ACE-2 pode ser útil em neutralizando a inflamação, mas se for de outra forma vinculado ao COVID-19, não pode ajudar nisso.
O novo vírus SARS COVID-19 forçou a profissão médica a enfrentar a realidade que muitos médicos americanos conhecem por natureza. Quando se trata de prevenção de doenças crônicas como a obesidade, o sistema de saúde dos EUA não está apresentando um bom desempenho. Muitas seguradoras recompensam os médicos por reunião métricas de tratar os efeitos da obesidade ao invés de preveni-la ou tratar a própria doença.

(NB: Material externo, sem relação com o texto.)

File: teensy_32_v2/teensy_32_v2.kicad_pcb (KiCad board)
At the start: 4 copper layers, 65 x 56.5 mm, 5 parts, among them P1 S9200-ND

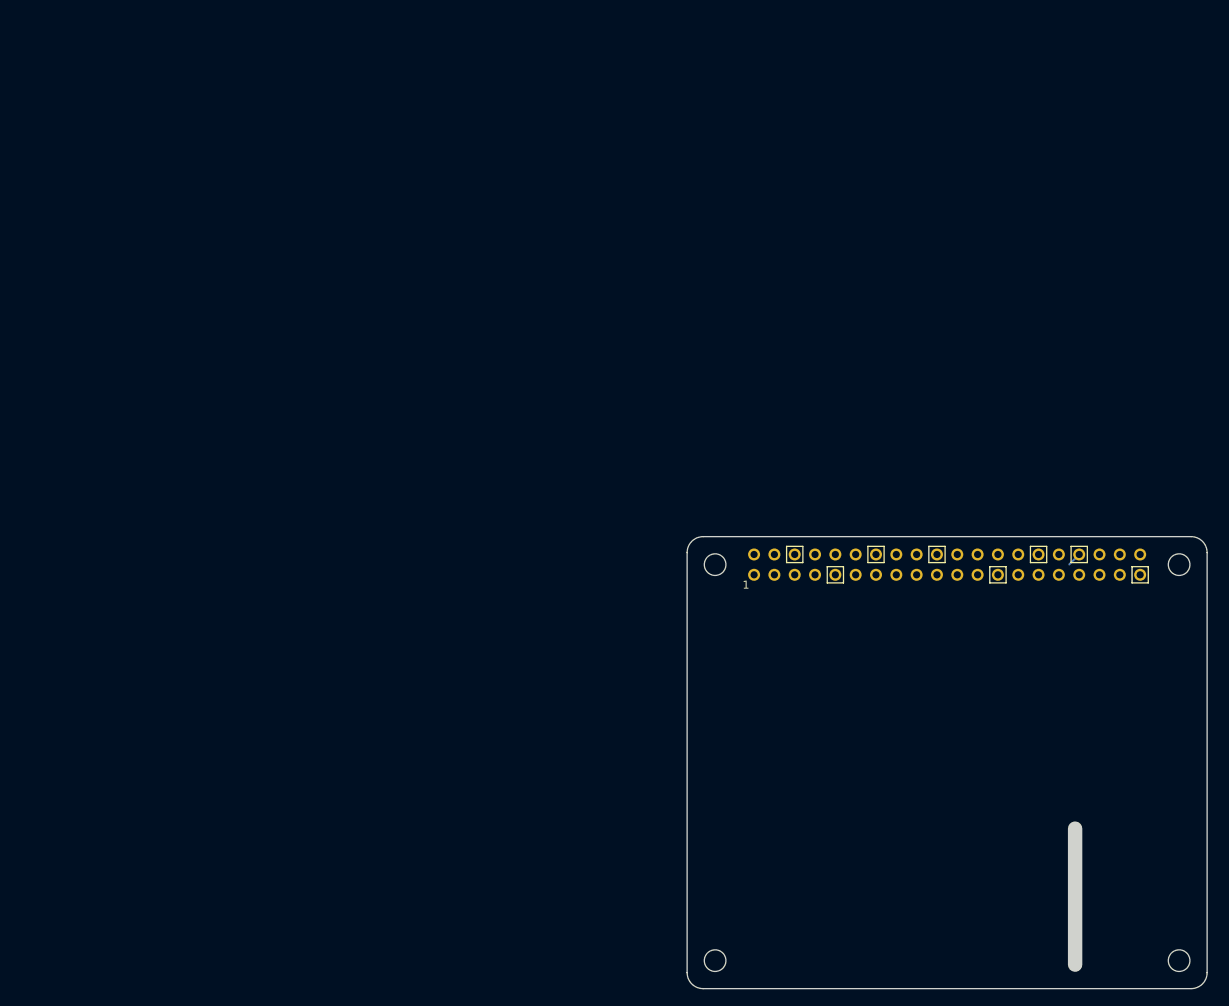
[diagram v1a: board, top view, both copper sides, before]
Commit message: another attempt at Hat layout -- pre routing
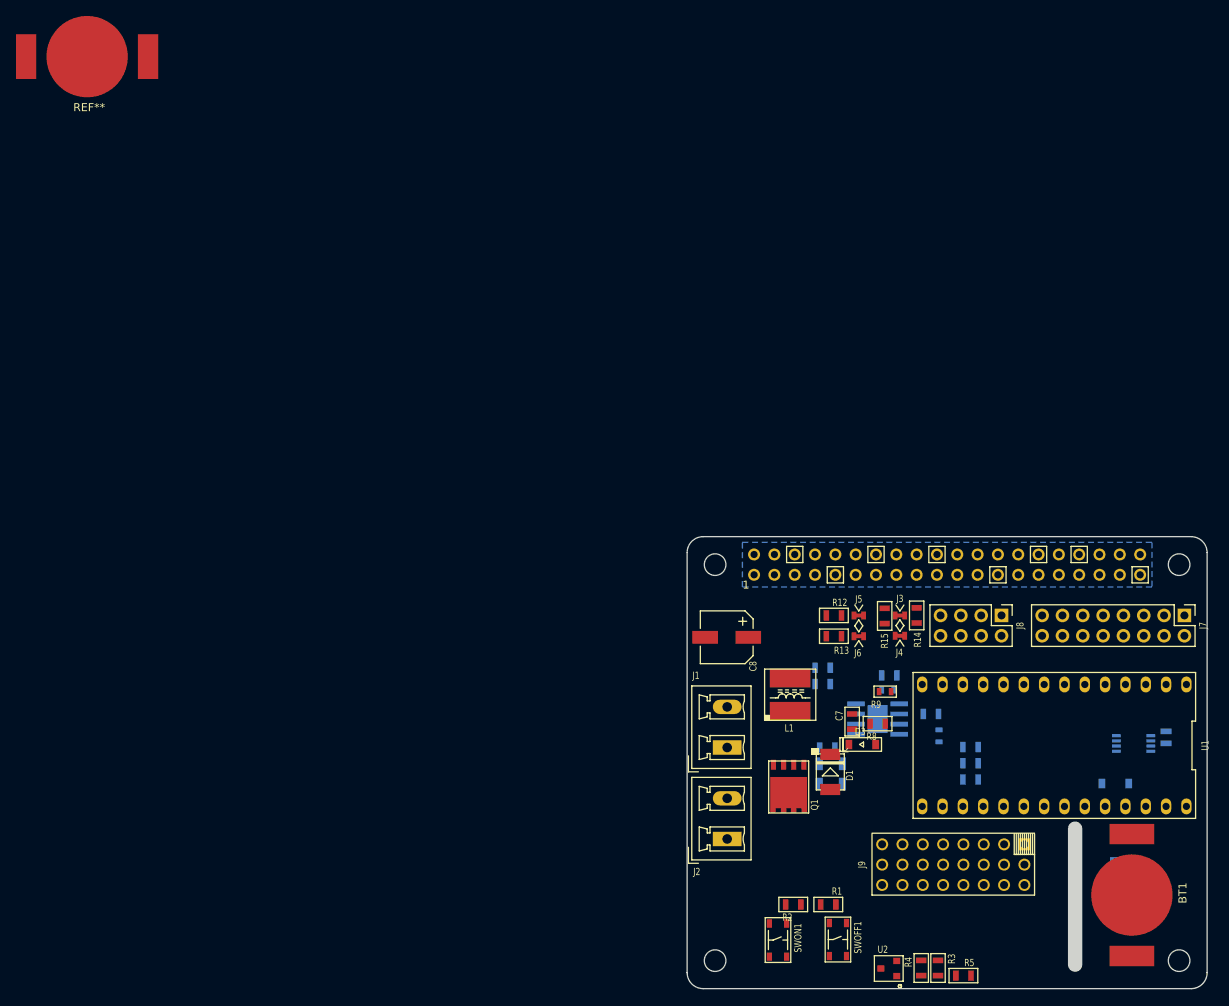
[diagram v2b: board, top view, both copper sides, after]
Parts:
- added BT1: BC-2009-ND, teensy:BC-2009-ND, F.Cu at (130.6, 104.8)
- added C1: MF-CAP-0805-0.1uF, MF_Passives:MF_Passives-C0805, B.Cu at (110.4, 88.3)
- added C10: CL21A226KOQNNNE, MF_Passives:MF_Passives-C0805, B.Cu at (91.9, 76.4)
- added C2: MF-CAP-0805-0.1uF, MF_Passives:MF_Passives-C0805, B.Cu at (92.5, 86.4)
- added C3: CL31A106MBHNNNE, MF_Passives:MF_Passives-C1206, B.Cu at (93.0, 90.9)
- added C4: CL31A106MBHNNNE, MF_Passives:MF_Passives-C1206, B.Cu at (93.0, 88.4)
- added C5: MF-CAP-0805-0.1uF, MF_Passives:MF_Passives-C0805, B.Cu at (100.3, 77.3)
- added C6: MF-CAP-0603-4.7nF, MF_Passives:MF_Passives-C0603, B.Cu at (106.5, 84.9)
- added C7: MF-CAP-0805-0.1uF, MF_Passives:MF_Passives-C0805, F.Cu at (95.6, 83.1)
- added C8: MF-CAP-6.3MM-100uF, MF_Passives:MF_Passives-CP6.3MM, F.Cu at (79.9, 72.6)
- added C9: CL21A226KOQNNNE, MF_Passives:MF_Passives-C0805, B.Cu at (91.9, 78.4)
- added D1: PMEG3050EP,115, teensy:SOD-128, F.Cu at (92.9, 89.4)
- added D2: BAT42, MF_Discrete_Semiconductor:MF_Discrete_Semiconductor-SOD-123, B.Cu at (128.5, 90.9)
- added D3: MF-DIO-SOD123-BAT42, MF_Discrete_Semiconductor:MF_Discrete_Semiconductor-SOD-123, F.Cu at (96.9, 86.0)
- added D4: BAT42, MF_Discrete_Semiconductor:MF_Discrete_Semiconductor-SOD-123, B.Cu at (128.5, 98.8)
- added J1: 277-1667-ND, Connectors_Phoenix:PhoenixContact_MCV-G_02x5.08mm_Vertical, F.Cu at (80.0, 86.4)
- added J2: 277-1667-ND, Connectors_Phoenix:PhoenixContact_MCV-G_02x5.08mm_Vertical, F.Cu at (80.0, 97.8)
- added J3: CJ, teensy:CJ-2, F.Cu at (101.6, 69.8)
- added J4: CJ, teensy:CJ-2, F.Cu at (101.6, 72.4)
- added J5: CJ, teensy:CJ-2, F.Cu at (96.5, 69.8)
- added J6: CJ, teensy:CJ-2, F.Cu at (96.5, 72.5)
- added J7: M20-9980845, Pin_Headers:Pin_Header_Straight_2x08_Pitch2.54mm, F.Cu at (137.2, 69.8)
- added J8: M20-9970445, Pin_Headers:Pin_Header_Straight_2x04_Pitch2.54mm, F.Cu at (114.3, 69.8)
- added J9: Drive, teensy:CONN_03x08, F.Cu at (107.0, 101.0)
- added L1: SRN6045TA-6R3M, teensy:SRN6045TA, F.Cu at (87.9, 79.8)
- added Q1: STL62P3LLH6, teensy:POWERFLAT_5x6, F.Cu at (87.7, 90.0)
- added R1: MF-RES-0805-15K, MF_Passives:MF_Passives-R0805, F.Cu at (92.6, 106.0)
- added R10: RC0603FR-0712KL, MF_Passives:MF_Passives-R0603, B.Cu at (100.1, 79.2)
- added R12: MF-RES-0603-2K, MF_Passives:MF_Passives-R0805, F.Cu at (93.3, 69.8)
- added R13: MF-RES-0603-2K, MF_Passives:MF_Passives-R0805, F.Cu at (93.3, 72.5)
- added R14: MF-RES-0603-2K, MF_Passives:MF_Passives-R0805, F.Cu at (103.7, 69.8)
- added R15: MF-RES-0603-2K, MF_Passives:MF_Passives-R0805, F.Cu at (99.7, 69.9)
- added R16: MF-RES-0805-15K, MF_Passives:MF_Passives-R0805, B.Cu at (105.5, 82.2)
- added R2: MF-RES-0604-2K, MF_Passives:MF_Passives-R0805, F.Cu at (88.3, 106.0)
- added R3: MF-RES-0805-100K, MF_Passives:MF_Passives-R0805, F.Cu at (106.4, 113.9)
- added R4: MF-RES-0805-100K, MF_Passives:MF_Passives-R0805, F.Cu at (104.3, 113.9)
- added R5: MF-RES-0604-2K, MF_Passives:MF_Passives-R0805, F.Cu at (109.5, 114.9)
- added R6: MF-RES-0805-470K, MF_Passives:MF_Passives-R0805, B.Cu at (110.4, 90.4)
- added R7: MF-RES-0805-100K, MF_Passives:MF_Passives-R0805, B.Cu at (110.4, 86.3)
- added R8: MF-RES-0805-100K, MF_Passives:MF_Passives-R0805, F.Cu at (98.8, 83.4)
- added R9: RC0603FR-0763K4L, MF_Passives:MF_Passives-R0603, F.Cu at (99.8, 79.4)
- added REF**: BC-2009-ND, BC-2009-ND, F.Cu at (0.00, 0.00)
- added SWOFF1: MF-SW-TACT-4.2MM, MF_Switches:MF_Switches-TACT4.2MM, F.Cu at (93.9, 110.4)
- added SWON1: MF-SW-TACT-4.2MM, MF_Switches:MF_Switches-TACT4.2MM, F.Cu at (86.4, 110.4)
- added U1: TEENSY_3, teensy:TEENSY_3, F.Cu at (120.9, 86.1)
- added U2: MF-DSC-SOT233-BSS138, MF_Discrete_Semiconductor:MF_Discrete_Semiconductor-SOT-23-3, F.Cu at (100.2, 114.0)
- added U3: DS7257G, teensy:DS7257G, B.Cu at (98.8, 82.8)
- added U4: PCF8563TS/5,118, Housings_SSOP:TSSOP-8_3x3mm_Pitch0.65mm, B.Cu at (130.8, 85.9)
- added Y1: 32 kHz, teensy:SC-20S, B.Cu at (134.9, 85.1)
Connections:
- net +2V5 renamed +3V3
- net /R_12 renamed Net-(P1-Pad32)
- net /R_13 renamed Net-(P1-Pad33)
- net /R_16 renamed Net-(P1-Pad36)
- net /R_17 renamed Net-(P1-Pad11)
- net /R_18 renamed Net-(P1-Pad12)
- net /R_19 renamed Net-(P1-Pad35)
- net /R_20 renamed Net-(P1-Pad38)
- net /R_21 renamed Net-(P1-Pad40)
- net /R_22 renamed Net-(P1-Pad15)
- net /R_23 renamed Net-(P1-Pad16)
- net /R_24 renamed Net-(P1-Pad18)
- net /R_25 renamed Net-(P1-Pad22)
- net /R_26 renamed Net-(P1-Pad37)
- net /R_27 renamed Net-(P1-Pad13)
- net /R_4 renamed Net-(P1-Pad7)
- net /R_5 renamed Net-(P1-Pad29)
- net /R_6 renamed Net-(P1-Pad31)
- net /R_CE0 renamed Net-(P1-Pad24)
- net /R_CE1 renamed Net-(P1-Pad26)
- net /R_ID_SC renamed Net-(P1-Pad28)
- net /R_ID_SD renamed Net-(P1-Pad27)
- net /R_MISO renamed Net-(P1-Pad21)
- net /R_MOSI renamed Net-(P1-Pad19)
- net /R_SCK renamed Net-(P1-Pad23)
- P1 pad 10: /R_RXD -> /R_RX
- P1 pad 8: /R_TXD -> /R_TX
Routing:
- net GND: track 1.90 -> 0.00 mm
- added copper zone on B.Cu, net GND
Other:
- copper layers 4 -> 2
- net class Default: clearance 0.2 -> 0.13
- rule trace_clearance: 0.2 -> 0.13

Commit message: Macrofab proto order of teensy hat v2b
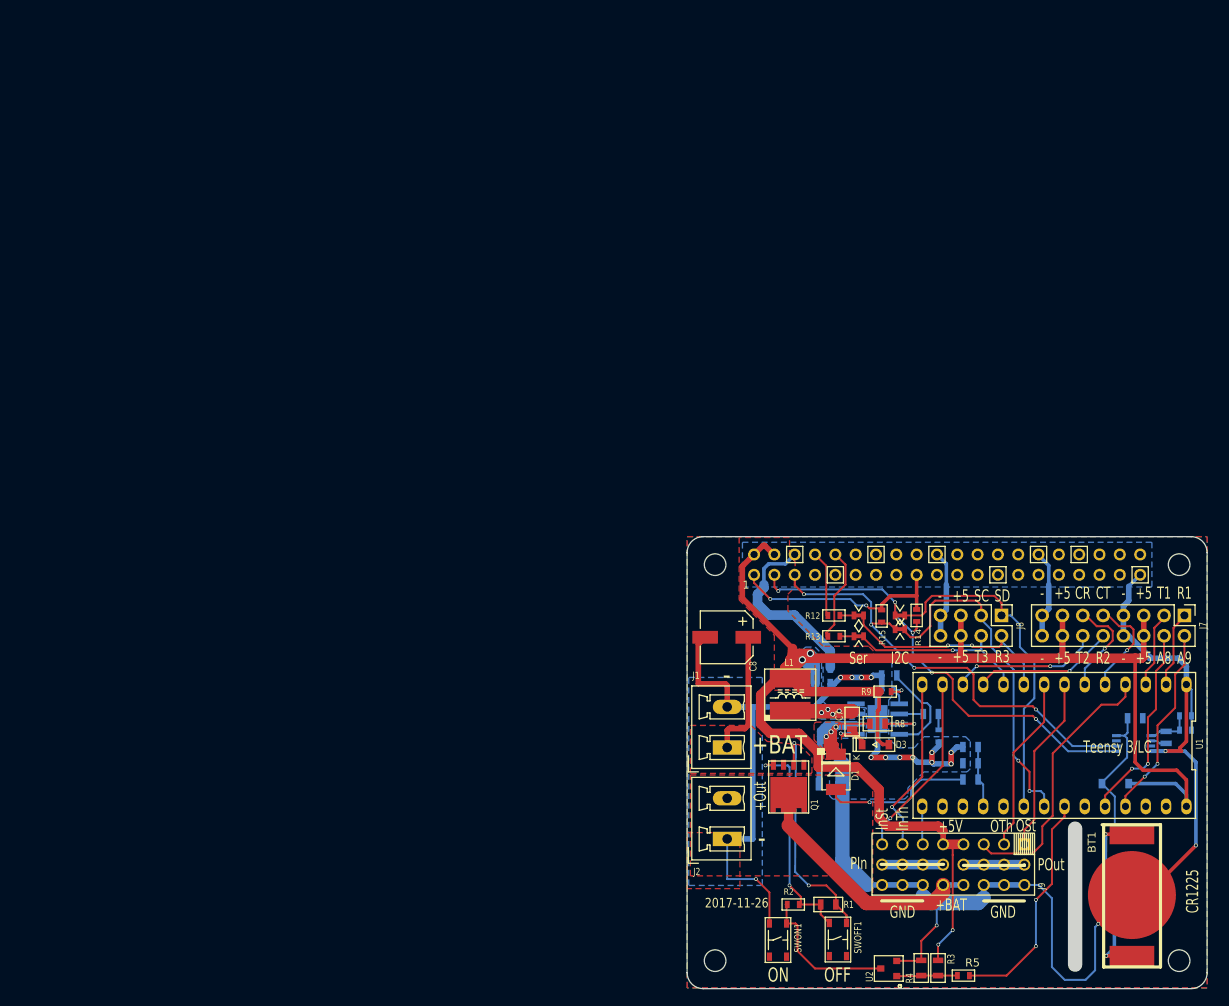
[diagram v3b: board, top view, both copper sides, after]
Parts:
- removed the REF** at (0.00, 0.00)
- added C11: MF-CAP-0805-0.1uF, MF_Passives:MF_Passives-C0805, B.Cu at (131.0, 82.7)
- added C12: MF-CAP-0603-4.7nF, MF_Passives:MF_Passives-C0603, B.Cu at (137.3, 82.4)
- added C13: MF-CAP-0603-4.7nF, MF_Passives:MF_Passives-C0603, B.Cu at (137.3, 84.2)
- R12, R13, R14, R15: footprint MF_Passives:MF_Passives-R0805 -> MF_Passives:MF_Passives-R0603
- R2, R5: value MF-RES-0604-2K -> MF-RES-0603-2K; footprint MF_Passives:MF_Passives-R0805 -> MF_Passives:MF_Passives-R0603
- Y1: value 32 kHz -> SC20S-12.5PF20PPM
- moved D3 1.65 mm to (98.6, 86.0)
- moved J4 0.83 mm to (101.6, 71.6)
- moved D1 0.70 mm to (93.6, 89.4)
- moved R15 0.38 mm to (99.3, 69.9)
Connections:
- net +BATT renamed +12V
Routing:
- net GND: track 0.00 -> 300.2 mm, vias 0 -> 17
- net +5V: track 0.00 -> 214.6 mm, vias 0 -> 4
- net /R_SDA: track 0.00 -> 60.0 mm, vias 0 -> 5
- net /R_SCL: track 0.00 -> 56.7 mm, vias 0 -> 4
- net +12V: track 0.00 -> 50.3 mm, vias 0 -> 1
- net /Power/VIN: track 0.00 -> 45.3 mm, vias 0 -> 2
- net /T_SCL: track 0.00 -> 43.0 mm, vias 0 -> 2
- net /T_SDA: track 0.00 -> 42.5 mm
- net /Power/V_SW: track 0.00 -> 41.8 mm, vias 0 -> 4
- net /Power/V_VIN: track 0.00 -> 34.5 mm, vias 0 -> 3
- net /OUT_AUX: track 0.00 -> 33.8 mm
- net /PWR_CTL: track 0.00 -> 28.6 mm, vias 0 -> 2
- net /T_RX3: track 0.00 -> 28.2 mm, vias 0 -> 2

Os médicos são reembolsados, por exemplo, por ajudar os pacientes com diabetes tipo 2 a atingir um determinado nível de A1C ou uma meta de pressão arterial definida.
Acredito que é hora de educar os médicos e fornecer-lhes recursos para combater a obesidade. Os médicos não podem mais negar que a obesidade, um dos mais fortes indicadores de COVID-19 e de pelo menos 236 outras condições médicas, deve se tornar o inimigo público número um.
Sobre o autor
Cate Varney, médica clínica, Universidade de Virginia
Este artigo foi republicado a partir de A Conversação sob uma licença Creative Commons. Leia o artigo original.